Eduard Gevorkyan's claimed losses of 1 million roubles (approximately $30,000) due to the Moshkov publication his novel Rules of the game without rule on his internet site. He also sued the Internet provider Nexter, who hosted Moshkov library. The final verdict of the court on 31 May 2005 was that the internet provider is not responsible for the copyright violations of the site and that Moshkov's responsibility is much less – only 3,000 roubles (approximately $100).

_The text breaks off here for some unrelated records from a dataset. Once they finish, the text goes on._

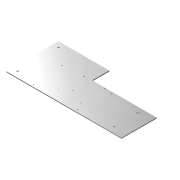
# Autodesk Inventor part: SupportsheetEPS
Saved by Autodesk Inventor 2017 (Build 210142000, 142)
## iProperties
Created: 2016-11-08
Part Number: SupportsheetEPS
Material: Aluminum 6061
Document SubType Name: Modeling
Designer: Jonis
Density: 2.7 g/cm^3
Appearance: Aluminum - Flat
Author: Jonis
Autodesk Inventor part; units mm, degrees
ref_plane "YZ Plane" through (0, 0, 0) normal (1, 0, 0) x (0, 1, 0)
ref_plane "XZ Plane" through (0, 0, 0) normal (0, 1, 0) x (-1, 0, 0)
ref_plane "XY Plane" through (0, 0, 0) normal (0, 0, 1) x (1, 0, 0)
sketch "Sketch1" plane through (0, 0, 0) normal (0, 0, 1) x (1, 0, 0)
  line L0 (0, 0) -> (380, 0)
  line L1 (380, 0) -> (380, 124)
  line L2 (380, 124) -> (179, 124)
  line L3 (179, 124) -> (179, 184)
  line L4 (179, 184) -> (0, 184)
  line L5 (0, 184) -> (0, 0)
  dimension "d0" = 380
  dimension "d1" = 124
  dimension "d2" = 201
  dimension "d3" = 60
  constraints: 12 end point, 3 perpendicular, 2 vertical, 1 horizontal
  measures "d0" distance of L0.start L0.end
  measures "d1" distance of L0.end L1.end
  measures "d2" distance of L1.end L2.end
  measures "d3" distance of L2.end L3.end
extrude "Extrusion1" add sketch "Sketch1" along normal blind 3
sketch "Sketch2" plane through (0, 0, 3) normal (0, 0, 1) x (1, 0, 0)
  line L0 (0, 184) -> (0, 0) projected
  line L1 (179, 184) -> (0, 184) projected
  line L2 (0, 0) -> (380, 0) projected
  line L3 (380, 0) -> (380, 124) projected
  line L4 (380, 124) -> (179, 124) projected
  point P0 (20, 20)
  point P1 (20, 164)
  point P2 (360, 104)
  point P3 (360, 20)
  dimension "d6" = 20
  dimension "d7" = 20
  dimension "d8" = 20
  dimension "d9" = 20
  dimension "d10" = 20
  dimension "d11" = 20
  dimension "d12" = 20
  dimension "d13" = 20
  measures "d6" distance from line of L0 point (20, 20)
  measures "d7" distance from line of L0 point (20, 164)
  measures "d8" distance from line of point (20, 164) L1
  measures "d9" distance from line of L2 point (20, 20)
  measures "d10" distance from line of L3 point (360, 20)
  measures "d11" distance from line of L2 point (360, 20)
  measures "d12" distance from line of L3 point (360, 104)
  measures "d13" distance from line of L4 point (360, 104)
hole "Hole1" at (20, 20, 3) at (20, 164, 3) at (360, 104, 3) at (360, 20, 3) direction (0, 0, -1) diameter 7 end through all
sketch "Sketch3" plane through (0, 0, 3) normal (0, 0, 1) x (1, 0, 0)
  line L0 (0, 0) -> (380, 0) projected
  line L1 (0, 184) -> (0, 0) projected
  point P0 (153.17, 121.31)
  point P1 (226.83, 121.31)
  dimension "d21" = 73.66
  dimension "d22" = 121.31
  dimension "d23" = 121.31
  dimension "d24" = 153.17
  measures "d21" distance of point (226.83, 121.31) point (153.17, 121.31)
  measures "d22" distance from line of L0 point (153.17, 121.31)
  measures "d23" distance from line of L0 point (226.83, 121.31)
  measures "d24" distance from line of L1 point (153.17, 121.31)
hole "Hole2" at (153.17, 121.31, 3) at (226.83, 121.31, 3) direction (0, 0, -1) diameter 3.5 end through all
sketch "Sketch4" plane through (380, 0, 0) normal (1, 0, 0) x (0, 0, -1)
  line L0 (0, 124) -> (-3, 124) projected
  line L1 (0, 0) -> (-3, 0)
  line L2 (-3, 0) -> (-3, 124)
  line L3 (-3, 124) -> (0, 124)
  line L4 (0, 124) -> (0, 0)
  constraints: 8 end point, 2 parallel, 1 horizontal, 1 perpendicular
extrude "Extrusion2" add sketch "Sketch4" along normal blind 26
sketch "Sketch5" plane through (0, 0, 3) normal (0, 0, 1) x (1, 0, 0)
  circle A0 centre (241.7805, 9.3195) radius 2.5 projected
  circle A1 centre (175.7805, 60.3195) radius 2.5 projected
  circle A2 centre (254.2805, 116.8195) radius 2.5 projected
  circle A3 centre (79.2805, 116.8195) radius 2.5 projected
  circle A4 centre (89.2805, 6.8195) radius 2.5 projected
  line L0 (179, 124) -> (406, 124) projected
  line L1 (179, 184) -> (0, 184) projected
  line L2 (0, 184) -> (0, 0) projected
  dimension "d65" = 7.1805
  dimension "d66" = 7.1805
  dimension "d67" = 67.1805
  dimension "d68" = 114.6805
  dimension "d69" = 63.6805
  dimension "d70" = 117.1805
  dimension "d71" = 177.1805
  dimension "d72" = 79.2805
  dimension "d73" = 89.2805
  dimension "d74" = 175.7805
  dimension "d75" = 241.7805
  dimension "d76" = 254.2805
  constraints: 5 coincident
  measures "d65" distance from line of point (254.28, 116.819) L0
  measures "d66" distance from line of L0 point (79.28, 116.819)
  measures "d67" distance from line of L1 point (79.28, 116.819)
  measures "d68" distance from line of L0 point (241.78, 9.319)
  measures "d69" distance from line of L0 point (175.78, 60.32)
  measures "d70" distance from line of L0 point (89.281, 6.82)
  measures "d71" distance from line of point (89.281, 6.82) L1
  measures "d72" distance from line of A3.centre L2
  measures "d73" distance from line of L2 point (89.281, 6.82)
  measures "d74" distance from line of L2 point (175.78, 60.32)
  measures "d75" distance from line of L2 point (241.78, 9.319)
  measures "d76" distance from line of L2 point (254.28, 116.819)
hole "Hole3" at (241.7805, 9.3195, 3) at (254.2805, 116.8195, 3) at (175.7805, 60.3195, 3) at (89.2805, 6.8195, 3) at (79.2805, 116.8195, 3) direction (0, 0, -1) diameter 3.242 depth 5 tip angle 118 thread size "M4x0.7" class "6H" standard "ISO Metric profile"
sketch "Sketch6" plane through (0, 0, 3) normal (0, 0, 1) x (1, 0, 0)
  circle A0 centre (225.65, 120.31) radius 1.75 projected
  circle A1 centre (151.99, 120.31) radius 1.75 projected
  point P0 (0, 0)
  constraints: 2 coincident
hole "Hole4" at (225.65, 120.31, 3) at (151.99, 120.31, 3) direction (0, 0, -1) diameter 3 depth 5 tip angle 118
sketch "Sketch7" plane through (0, 0, 3) normal (0, 0, 1) x (1, 0, 0)
  circle A0 centre (151.99, 120.31) radius 1.75 projected
  circle A1 centre (225.65, 120.31) radius 1.75 projected
  line L0 (179, 124) -> (406, 124) projected
  line L1 (0, 184) -> (0, 0) projected
  point P0 (228.19, 34.585)
  point P1 (148.18, 34.585)
  dimension "d48" = 85.725
  dimension "d49" = 85.725
  dimension "d50" = 80.01
  dimension "d51" = 2.54
  dimension "d52" = 3.69
  dimension "d53" = 89.415
  dimension "d54" = 151.99
  dimension "d55" = 148.18
  dimension "d56" = 73.66
  dimension "d57" = 228.19
  measures "d48" vertical distance of A1.centre point (228.19, 34.585)
  measures "d49" vertical distance of A0.centre point (148.18, 34.585)
  measures "d50" distance of point (148.18, 34.585) point (228.19, 34.585)
  measures "d51" horizontal distance of point (228.19, 34.585) A1.centre
  measures "d52" distance from line of A1.centre L0
  measures "d53" distance from line of L0 point (148.18, 34.585)
  measures "d54" distance from line of L1 A0.centre
  measures "d55" distance from line of L1 point (148.18, 34.585)
  measures "d56" distance of A0.centre A1.centre
  measures "d57" distance from line of L1 point (228.19, 34.585)
hole "Hole5" at (228.19, 34.585, 3) at (148.18, 34.585, 3) direction (0, 0, -1) diameter 2.5 depth 5 tip angle 118
body "Solid1"

Both sides claimed victory. On one side the court recognized some sort of responsibility of free internet services, on the other side the claim amount was vastly reduced from $500,000 to $100 and generated a great deal of negative publicity for the claimant.

==After the lawsuit==
Part of the Lib.ru library, namely some materials from the site "Samizdat", are included in the Federal List of Extremist Materials under the number 381 by the decision of the Cherepovets Municipal Court of the Vologda Region on 13 April 2009. At that moment part of the providers completely blocked access to the site rather than to specific materials. The site was forced to change the domain to samlib.ru, access to which is also blocked by some Russian providers as of 2015.